Harvey parecía sorprendido, pero encantado también.
Bubba se unió a la conversación.
—Bubba guta follar.
—Muy bien —dijo Harvey, sonriendo a su hermano mientras se incorporaba—, pues vamos a ver a ese señor Granger.
—Espera, espera —le avisé—. Es posible que el señor Granger no esté ahí. Si no está, que os den la dirección de su casa. Decidle a quien esté dentro que queréis venderle al señor Granger un poco de harina de alforfón. Pero tenéis que ser muy, muy educados con todo el mundo. Nadie sabe que el señor Granger lleva el negocio más bestia de fulanas de todo el condado. Y recordad: a él no le gusta tratar con extraños, de modo que probablemente tendréis que amenazarle con arrancar el letrero del Paraíso… mierda, yo tuve que empezar a menearlo de verdad hasta que conseguí que trajera a las chicas. Y tenéis que decirle también que si se le ocurre llamar a la policía, lo meteréis en la cosechadora y lo haréis pedacitos para forraje.
—Pero ¡eso sería asesinato! —Harvey estaba conmocionado.
—¡Por el amor de Dios, no, no tienes que hacerlo! Sólo amenazarlo. Pero el letrero, claro, sí que lo puedes arrancar. Es que a los chulos hay que enseñarles un poco los músculos, porque si no, no te hacen caso. A mí personalmente no me gusta nada hacer daño a la gente.
—A mí tampoco —dijo Harvey—. Voy a la iglesia todos los domingos. A Bubba no le gusta mucho la iglesia.
—Sí, pero le gusta follar, y eso está muy bien.

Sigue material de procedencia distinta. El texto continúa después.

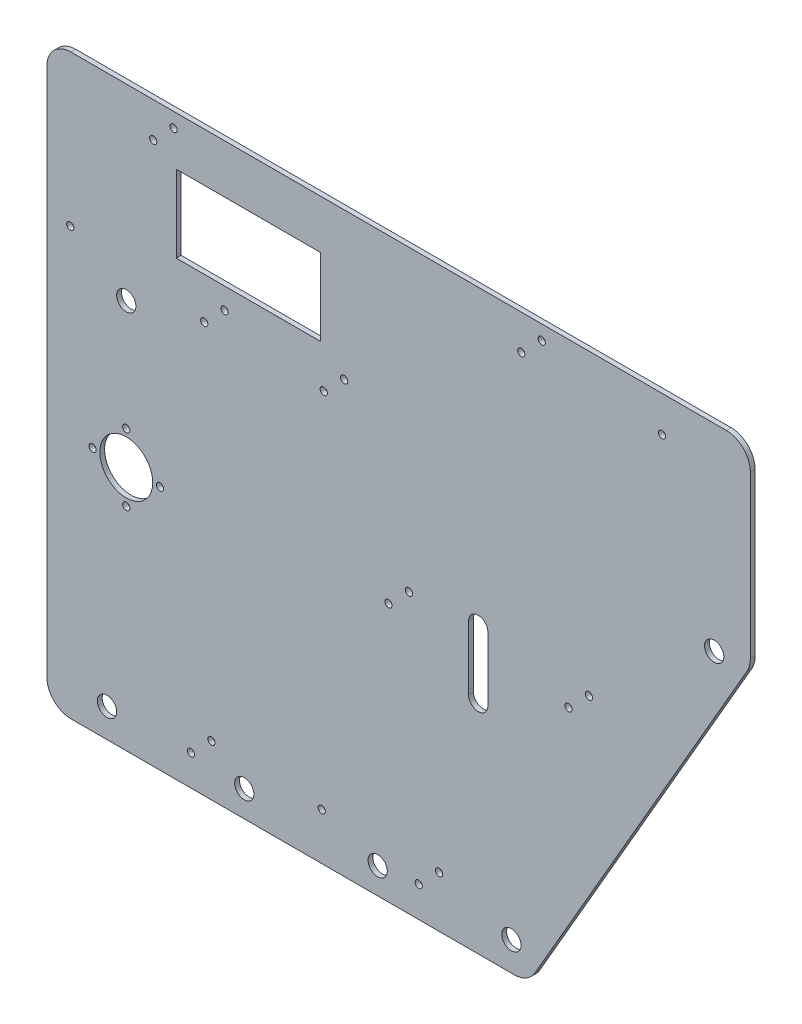
SolidWorks part; units mm, degrees
ref_plane "Front Plane" through (0, 0, 0) normal (0, 0, 1) x (1, 0, 0)
ref_plane "Top Plane" through (0, 0, 0) normal (0, 1, 0) x (1, 0, 0)
ref_plane "Right Plane" through (0, 0, 0) normal (1, 0, 0) x (0, 0, -1)
sketch "Sketch1" plane through (0, 0, 0) normal (0, 0, 1) x (1, 0, 0)
  line L0 (100, 80) -> (192.376, 80)
  line L1 (-100, -80) -> (100, -80)
  line L2 (-100, -80) -> (-100, 80)
  line L3 (-100, 80) -> (100, 80)
  line L4 (100, -80) -> (100, 80)
  line L5 (-100, -80) -> (100, 80) construction
  line L6 (-100, 80) -> (100, -80) construction
  line L7 (192.376, 80) -> (100, -80)
  line L8 (100, 80) -> (100, -80)
  line L10 (-100, 80) -> (192.376, 80)
  line L11 (-100, 80) -> (-100, 110)
  line L12 (-100, 110) -> (192.376, 110)
  line L13 (192.376, 80) -> (192.376, 110)
  point P0 (0, 0)
  dimension "D1" = 160
  dimension "D2" = 200
  dimension "D3" = 30
  dimension "D4" = 30
extrude "Boss-Extrude1" add sketch "Sketch1" along normal blind 2 contours L1 L4 L3 L2 | L7 L0 L4 | L11 L10 L13 L12 region at (0, 0, 0) region at (130.792, 26.6667, 0)
sketch "Sketch2" plane through (0, 0, 2) normal (0, 0, 1) x (1, 0, 0)
  line L0 (-100, -80) -> (100, -80) construction
  line L1 (192.376, 80) -> (100, -80) construction
  line L2 (79.2904, 11.2418) -> (79.2904, 37.9086) construction
  line L3 (-100, -80) -> (-100, 110) construction
  line L4 (-100, 110) -> (192.376, 110) construction
  line L7 (-100, 110) -> (192.376, 110) construction
  line L8 (75.2904, 11.2418) -> (75.2904, 37.9086)
  line L11 (-100, -80) -> (-100, 110) construction
  line L12 (83.2904, 11.2418) -> (83.2904, 37.9086)
  line L13 (-100, -80) -> (-100, 110) construction
  line L14 (-67, 22) -> (-67, 85.6687) construction
  circle A0 centre (93.0718, -68) radius 4
  circle A1 centre (177.3649, 78) radius 4
  circle A2 centre (-67, 22) radius 11
  circle A3 centre (-75, -68) radius 4
  circle A4 centre (-53, 22) radius 1.5
  circle A5 centre (-67, 36) radius 1.5
  circle A6 centre (-81, 22) radius 1.5
  circle A7 centre (-67, 8) radius 1.5
  circle A11 centre (54.5495, -67.2426) radius 1.5
  circle A12 centre (63.0348, -58.7574) radius 1.5
  circle A13 centre (14.2259, -60.5) radius 1.5
  circle A14 centre (-40.1271, -67.2426) radius 1.5
  circle A15 centre (-31.6419, -58.7574) radius 1.5
  circle A16 centre (-90.2956, 97.2169) radius 1.5
  circle A17 centre (-34.6051, 90.4743) radius 1.5
  circle A18 centre (-26.1198, 98.9596) radius 1.5
  circle A19 centre (15.0782, 90.4743) radius 1.5
  circle A20 centre (23.5635, 98.9596) radius 1.5
  circle A21 centre (41.9695, 27.4743) radius 1.5
  circle A22 centre (50.4548, 35.9596) radius 1.5
  circle A23 centre (-39.813, 27.4743) radius 1.5 construction
  circle A24 centre (-31.3277, 35.9596) radius 1.5 construction
  circle A25 centre (116.8113, 27.4743) radius 1.5
  circle A26 centre (125.2966, 35.9596) radius 1.5
  circle A27 centre (79.2904, 25) radius 4 construction
  circle A31 centre (155.6518, 145.1456) radius 1.5
  arc A32 (75.2904, 11.2418) -> (83.2904, 11.2418) centre (79.2904, 11.2418) ccw
  arc A33 (83.2904, 37.9086) -> (75.2904, 37.9086) centre (79.2904, 37.9086) ccw
  circle A34 centre (-55.8147, 145.4743) radius 1.5
  circle A35 centre (-47.3294, 153.9596) radius 1.5
  circle A36 centre (97.1924, 145.4743) radius 1.5
  circle A37 centre (105.6777, 153.9596) radius 1.5
  circle A38 centre (-17.9479, -69.1174) radius 4
  circle A39 centre (37.4944, -69.1174) radius 4
  circle A40 centre (-67, 22) radius 40 construction
  circle A41 centre (-67, 82) radius 20 construction
  circle A42 centre (-67, 82) radius 4
  point P87 (79.2904, 24.5752)
  dimension "D3" = 8
  dimension "D4" = 8
  dimension "D9" = 22
  dimension "D10" = 8
  dimension "D12" = 3
  dimension "D13" = 3
  dimension "D14" = 3
  dimension "D15" = 3
  dimension "D16" = 14
  dimension "D20" = 13.3334
  dimension "D22" = 179.2904
  dimension "D25" = 3
  dimension "D26" = 3
  dimension "D29" = 8
  dimension "D28" = 3
  dimension "D31" = 8
  dimension "D32" = 8
  dimension "D23" = 12.9086
  dimension "D24" = 80
  dimension "D34" = 40
  dimension "D35" = 8
  dimension "D1" = 12
  dimension "D2" = 12
  dimension "D5" = 32
  dimension "D6" = 12
  dimension "D7" = 88
  dimension "D8" = 33
  dimension "D11" = 12
  dimension "D17" = 14
  dimension "D18" = 14
  dimension "D19" = 14
  dimension "D21" = 85.4248
  dimension "D27" = 25
  dimension "D30" = 8
  dimension "D33" = 60
extrude "Cut-Extrude1" cut sketch "Sketch2" against normal blind 3
sketch "Sketch4" plane through (0, 0, 2) normal (0, 0, 1) x (1, 0, 0)
  line L0 (192.376, 80) -> (192.376, 110) construction
  line L1 (-100, 110) -> (192.376, 110)
  line L2 (-100, 110) -> (-100, 160)
  line L3 (-100, 160) -> (192.376, 160)
  line L4 (192.376, 110) -> (192.376, 160)
  dimension "D1" = 50
extrude "Boss-Extrude2" add sketch "Sketch4" against normal blind 2
fillet "Fillet1" radius 10 5 edges at (192.376, 160, 1) (192.376, 80, 1) (100, -80, 1) (-100, -80, 1) (-100, 160, 1)
sketch "Sketch5" plane through (0, 0, 2) normal (0, 0, 1) x (1, 0, 0)
  line L1 (-46.1781, 107.7169) -> (13.8219, 107.7169)
  line L2 (-46.1781, 107.7169) -> (-46.1781, 139.7169)
  line L3 (-46.1781, 139.7169) -> (13.8219, 139.7169)
  line L4 (13.8219, 107.7169) -> (13.8219, 139.7169)
  circle A2 centre (-55.8147, 145.4743) radius 1.5
  circle A3 centre (-47.3294, 153.9596) radius 1.5
  circle A4 centre (97.1924, 145.4743) radius 1.5
  circle A5 centre (105.6777, 153.9596) radius 1.5
  circle A6 centre (155.6518, 145.1456) radius 1.5
  dimension "D1" = 3
extrude "Cut-Extrude2" cut sketch "Sketch5" against normal blind 11

—Vamos, Harv —lloriqueó Bubba, tirando de la manga de su hermano.
—Y otra cosa —dije, mientras metía el embrague—, tenéis que alejaros del motel ese de ahí. Está repleto de policías camuflados. Os meterían en la cárcel antes de que os dierais cuenta. —El embrague agarró y empecé a moverme—. Chicos, que os lo paséis muy bien. Dadles recuerdos a Mandy y Ramona.
Los dos me saludaron muy agradecidos mientras salía.
Azuzar a Harvey y Bubba contra Granger y su falso Paraíso era una mala acción, peligrosa y estúpida, pero no carecía de ingenio, y existía también la interesante posibilidad de hacer justicia. Además, me sentía tan podrido que quería que se extendiese la podredumbre. La privación de la benzedrina no conduce precisamente a unos juicios morales exquisitos, sobre todo cuando uno tiene un bote muy cerca, a mano, en el suelo, con un montoncito de diminutos prisioneros blancos dentro con una cruz marcada, todos aporreando el cristal y chillando: «¡George, por favor, sálvame! ¡Trágame ahora mismo! ¡Socorro! ¡Por favor!».
No podía soportar sus lastimeros gemidos, de modo que aparqué justo antes de la salida Clear Lake / Mason City, cogí el bote de debajo del asiento y, conteniendo la respiración, salté fuera del coche y lo guardé en el portaequipajes, dentro de la nevera, sacando dos latas de cerveza para hacer sitio. Observé que el hielo apenas se había fundido. Unos días muy fríos, unas noches más frías aún. Pensé en tirar aquel hielo para aligerar mi carga, pero eso habría significado abrir el maletero y resistir la tentación del bote de nuevo, y con una tentación ya bastaba. Que el hielo se fundiese entre las llamas, silbase hasta volverse líquido, y luego se convirtiese en gas. Que la nevera se fundiese entera y la cerveza explotase. Sí, joder, que ardiese todo entre las rugientes llamas purificadoras. Preparado o no, ya iba de camino, era la última etapa. Aunque estuviese loco, la verdad es que ya no importaba.